I think we have to search for a pattern here, and we must have to use a calculator here to some extent.
^ calculator is only as smart as the idiot pushing the buttons ^_^
Does it have anything to do with the fact that 124^24mod99 = 25^24mod99 = 31^12 mod 99 and so on so forth?
is this a valid method of solving this?\[\begin{align} 124&=99+25\\ \therefore124^{24}&=(99+25)^{24}\\ \therefore124^{24}|99&=(99+25)^{24}|99=25^{24}|99\\ \end{align}\]similarly:\[\begin{align} 173&=2*99-25\\ \therefore173^{24}&=(2*99-25)^{24}\\ \therefore173^{24}|99&=(2*99-25)^{24}|99=25^{24}|99 \end{align}\]therefore:\[124^{24}|99-173^{24}|99=25^{24}|99-25^{24}|99=0\]
That's how I did it @asnaseer. Well done!

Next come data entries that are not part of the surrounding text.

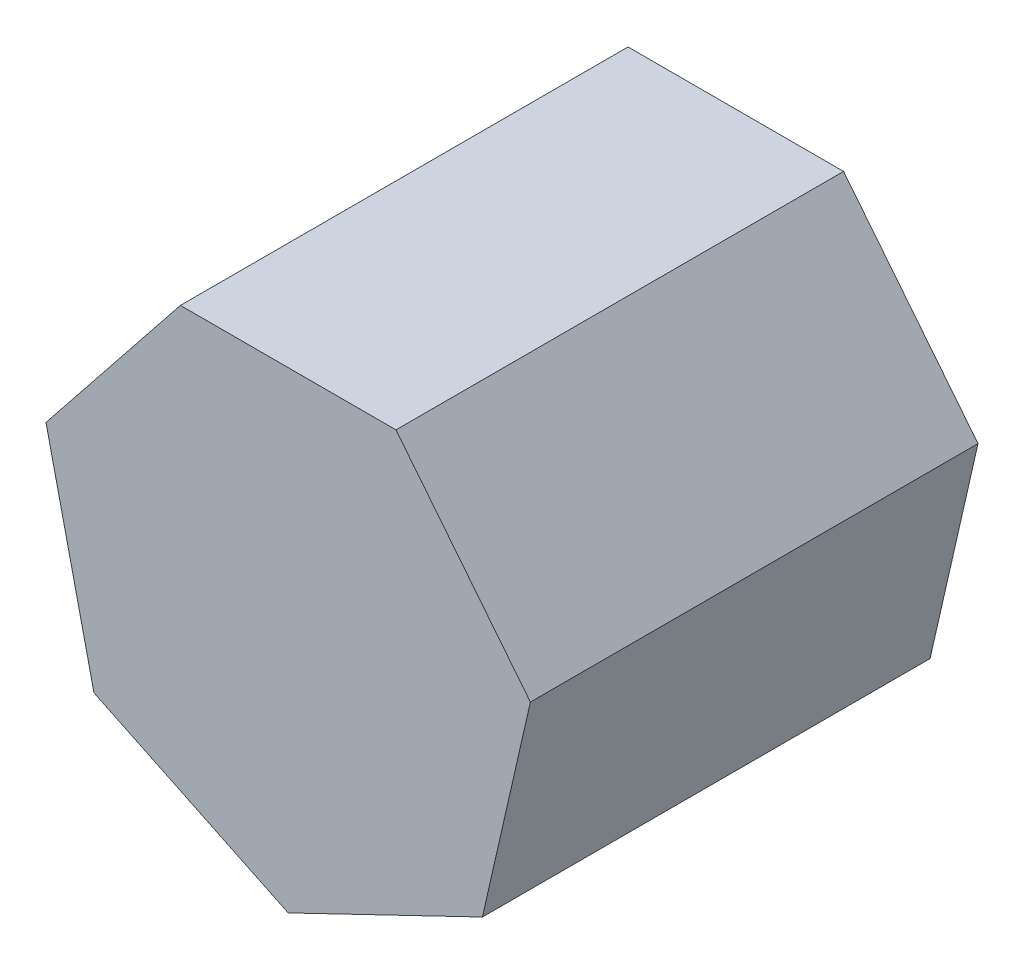
from build123d import *

# Parameters (mm, degrees)
BOSS_EXTRUDE1_DEPTH = 200
CUT_EXTRUDE1_DEPTH  = 1
SKETCH4_W           = 1.794871794
SKETCH4_H           = 20.512820513
SKETCH4_W_2         = 1.794871795
SKETCH4_H_2         = 14.615384616
CUT_EXTRUDE3_DEPTH  = 1


with BuildPart() as part:
    # Sketch1 → Boss-Extrude1 (new body)
    with BuildSketch(Plane.XY):
        Polygon((0, -110.991626417), (86.776747824, -69.202147163), (108.208834613, 24.697960372), (48.157461881, 100), (-48.157461881, 100), (-108.208834613, 24.697960372), (-86.776747824, -69.202147163), align=None)
    extrude(amount=BOSS_EXTRUDE1_DEPTH)

    # Sketch2 → Cut-Extrude1 (cut)
    # profile 1 of 6: a face of its own
    with BuildSketch(Plane(origin=(-78.183148247, 62.348980186, 0), x_dir=(0, 0, 1), z_dir=(-0.7818314824680302, 0.6234898018587328, 0))):
        with BuildLine():
            Line((145.128205128, -35.364993932), (143.91025641, -36.619000342))
            add(Edge.make_bspline(
                [(143.91025641, -36.619000342), (143.805167819, -36.497210935), (143.602569386, -36.262415294), (143.281246637, -35.9484892), (142.961111759, -35.684849549), (142.64654711, -35.462265212), (142.329642716, -35.293984375), (142.014117469, -35.171156592), (141.699644678, -35.095146274), (141.489438762, -35.085349481), (141.386217949, -35.080538804)],
                knots=[0, 0, 0, 0, 1.26578478, 2.440284043, 3.530471711, 4.527705817, 5.468200915, 6.346673037, 7.188140097, 8, 8, 8, 8], degree=3))
            add(Edge.make_bspline(
                [(141.386217949, -35.080538804), (141.25970715, -35.086680935), (141.010751801, -35.09876778), (140.65403284, -35.219415954), (140.322886411, -35.404608745), (140.036275097, -35.667286365), (139.793488354, -35.968796473), (139.616267319, -36.305918329), (139.50789027, -36.668478579), (139.494148944, -36.920077766), (139.487179487, -37.04768624)],
                knots=[0, 0, 0, 0, 0.99966794, 1.967205029, 2.953328237, 3.988086729, 5.028030931, 6.008226631, 6.989793394, 8, 8, 8, 8], degree=3))
            add(Edge.make_bspline(
                [(139.487179487, -37.04768624), (139.493526986, -37.163183635), (139.50620409, -37.39385284), (139.604756542, -37.734127319), (139.761705526, -38.065881823), (139.908392351, -38.26909843), (139.983974359, -38.373808035)],
                knots=[0, 0, 0, 0, 0.960159726, 1.917612774, 2.927026955, 4, 4, 4, 4], degree=3))
            add(Edge.make_bspline(
                [(139.983974359, -38.373808035), (140.029480038, -38.429719945), (140.126333139, -38.5487214), (140.308096082, -38.713886276), (140.513938956, -38.896413425), (140.761481457, -39.078909636), (141.040058759, -39.271090923), (141.355711812, -39.465388826), (141.698423269, -39.676614111), (141.943779307, -39.810582314), (142.071314103, -39.880218291)],
                knots=[0, 0, 0, 0, 0.66740084, 1.420478572, 2.27185888, 3.217733974, 4.268547843, 5.408967954, 6.65319498, 8, 8, 8, 8], degree=3))
            add(Edge.make_bspline(
                [(142.071314103, -39.880218291), (142.226820257, -39.967332021), (142.527206943, -40.135607064), (142.954022756, -40.396805369), (143.341377276, -40.656413508), (143.69255252, -40.911655073), (144.000791428, -41.169671459), (144.275446014, -41.420572928), (144.509665694, -41.671940404), (144.640830989, -41.847558196), (144.703525641, -41.931500342)],
                knots=[0, 0, 0, 0, 1.27191281, 2.456916733, 3.569705269, 4.599008579, 5.553216877, 6.436649441, 7.252746552, 8, 8, 8, 8], degree=3))
            add(Edge.make_bspline(
                [(144.703525641, -41.931500342), (144.807585798, -42.101020845), (145.014684822, -42.438398109), (145.232160631, -42.99393198), (145.358219344, -43.583134851), (145.375717745, -43.986176109), (145.384615385, -44.191115727)],
                knots=[0, 0, 0, 0, 0.995354457, 1.980940102, 2.973342416, 4, 4, 4, 4], degree=3))
            add(Edge.make_bspline(
                [(145.384615385, -44.191115727), (145.380503763, -44.335510848), (145.372401363, -44.620057209), (145.316069552, -45.039113379), (145.219183973, -45.439882279), (145.087219665, -45.826712477), (144.909023248, -46.192192132), (144.700178693, -46.545542126), (144.449464911, -46.879118874), (144.163228479, -47.19248436), (143.849825657, -47.478688631), (143.515504866, -47.730254082), (143.159854405, -47.939250295), (142.78541554, -48.112195125), (142.391337517, -48.249728027), (141.977558721, -48.344942491), (141.545394409, -48.401929698), (141.251509791, -48.40984099), (141.101762821, -48.413872137)],
                knots=[0, 0, 0, 0, 1.032770009, 2.035186124, 3.017557409, 3.978232242, 4.952395191, 5.920591857, 6.910227898, 7.931268572, 8.952309245, 9.941945286, 10.918353717, 11.897095711, 12.887975737, 13.898235213, 14.929059601, 16, 16, 16, 16], degree=3))
            add(Edge.make_bspline(
                [(141.101762821, -48.413872137), (140.899664675, -48.408199564), (140.498276521, -48.396933237), (139.904620983, -48.291184316), (139.324502362, -48.126639208), (138.762310703, -47.899691013), (138.230618624, -47.613115511), (137.744156198, -47.269901833), (137.301233555, -46.881387562), (137.049129134, -46.583599501), (136.923076923, -46.43470547)],
                knots=[0, 0, 0, 0, 1.013940152, 2.01379169, 3.017749504, 4.037548394, 5.051665909, 6.043208538, 7.021604269, 8, 8, 8, 8], degree=3))
            Line((136.923076923, -46.43470547), (138.112980769, -45.080538804))
            add(Edge.make_bspline(
                [(138.112980769, -45.080538804), (138.225965986, -45.20256603), (138.445004913, -45.439134258), (138.795297581, -45.75413049), (139.151751301, -46.018137754), (139.510806653, -46.238957267), (139.877778621, -46.409102428), (140.250610702, -46.52863725), (140.628544554, -46.605461206), (140.88238533, -46.614479962), (141.009615385, -46.619000342)],
                knots=[0, 0, 0, 0, 1.179806542, 2.287233372, 3.337373186, 4.324005949, 5.273901747, 6.200048787, 7.097828587, 8, 8, 8, 8], degree=3))
            add(Edge.make_bspline(
                [(141.009615385, -46.619000342), (141.182860676, -46.611167057), (141.521352913, -46.595862133), (142.006174391, -46.456907321), (142.453823685, -46.239021882), (142.842528517, -45.929966464), (143.173398009, -45.570220335), (143.412987577, -45.164996796), (143.563137151, -44.726188472), (143.580771429, -44.422003886), (143.58974359, -44.267237522)],
                knots=[0, 0, 0, 0, 1.072336372, 2.095165389, 3.102688358, 4.141489647, 5.156069229, 6.117746104, 7.042326257, 8, 8, 8, 8], degree=3))
            add(Edge.make_bspline(
                [(143.58974359, -44.267237522), (143.583536194, -44.139753987), (143.571280521, -43.888054811), (143.475033252, -43.523767148), (143.322959811, -43.178228402), (143.173218963, -42.976001846), (143.096955128, -42.873006753)],
                knots=[0, 0, 0, 0, 1.013901739, 2.00181326, 2.98231254, 4, 4, 4, 4], degree=3))
            add(Edge.make_bspline(
                [(143.096955128, -42.873006753), (143.051112874, -42.821376112), (142.951251889, -42.708905929), (142.768079082, -42.546476907), (142.548754155, -42.371402054), (142.290810367, -42.186650118), (141.993727727, -41.994658087), (141.656302153, -41.796433217), (141.283156139, -41.582560499), (141.01932396, -41.440733897), (140.881410256, -41.366596496)],
                knots=[0, 0, 0, 0, 0.615000592, 1.339693406, 2.178160186, 3.116406724, 4.166410947, 5.330106347, 6.604359322, 8, 8, 8, 8], degree=3))
            add(Edge.make_bspline(
                [(140.881410256, -41.366596496), (140.732572313, -41.283515744), (140.443928042, -41.122395651), (140.035086379, -40.871446621), (139.666244355, -40.616205051), (139.328526786, -40.370988827), (139.030463897, -40.122869147), (138.773229907, -39.871570567), (138.546697245, -39.62722779), (138.421283463, -39.45410038), (138.361378205, -39.371404188)],
                knots=[0, 0, 0, 0, 1.262093308, 2.447601706, 3.550203992, 4.582594899, 5.537233252, 6.418365656, 7.244515135, 8, 8, 8, 8], degree=3))
            add(Edge.make_bspline(
                [(138.361378205, -39.371404188), (138.257774779, -39.204857817), (138.05053172, -38.871706872), (137.849302056, -38.315647005), (137.710981891, -37.730246678), (137.698625376, -37.326321796), (137.692307692, -37.119801624)],
                knots=[0, 0, 0, 0, 0.985009483, 1.970363186, 2.962279964, 4, 4, 4, 4], degree=3))
            add(Edge.make_bspline(
                [(137.692307692, -37.119801624), (137.695360237, -36.98479935), (137.701334499, -36.720580773), (137.749014794, -36.332358943), (137.835824572, -35.96351235), (137.944709844, -35.608501704), (138.096041298, -35.274204024), (138.276875042, -34.956161332), (138.489374613, -34.654813229), (138.734193418, -34.374795331), (139.003374248, -34.120456324), (139.294201504, -33.898749878), (139.600134398, -33.709570708), (139.922468224, -33.550912648), (140.264299498, -33.430904747), (140.623238849, -33.348291118), (140.998559734, -33.293118531), (141.255137597, -33.28818662), (141.386217949, -33.285667009)],
                knots=[0, 0, 0, 0, 1.087655834, 2.128696564, 3.144119009, 4.137814668, 5.115653402, 6.093965665, 7.082169637, 8.081268856, 9.086088321, 10.061021666, 11.022561449, 11.980240094, 12.950172527, 13.934149372, 14.944599409, 16, 16, 16, 16], degree=3))
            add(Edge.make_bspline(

How about... Notice that this function is the same as the mod function We want to show \[124^{24}\equiv174^{24}\pmod{99}\]Reduce, and get that this is equivalent to asking \[25^{24}\equiv74^{24}\pmod{99}\]Since \(74\equiv-25\pmod{99}\), we can simplify to \[25^{24}\overset{?}\equiv(-25)^{24}\pmod{99}\]Since we have an even exponent, this is clearly true. This is basically the same thing asnaseer did.
I should have written "173" in that first line.
That's seems like a valid approach.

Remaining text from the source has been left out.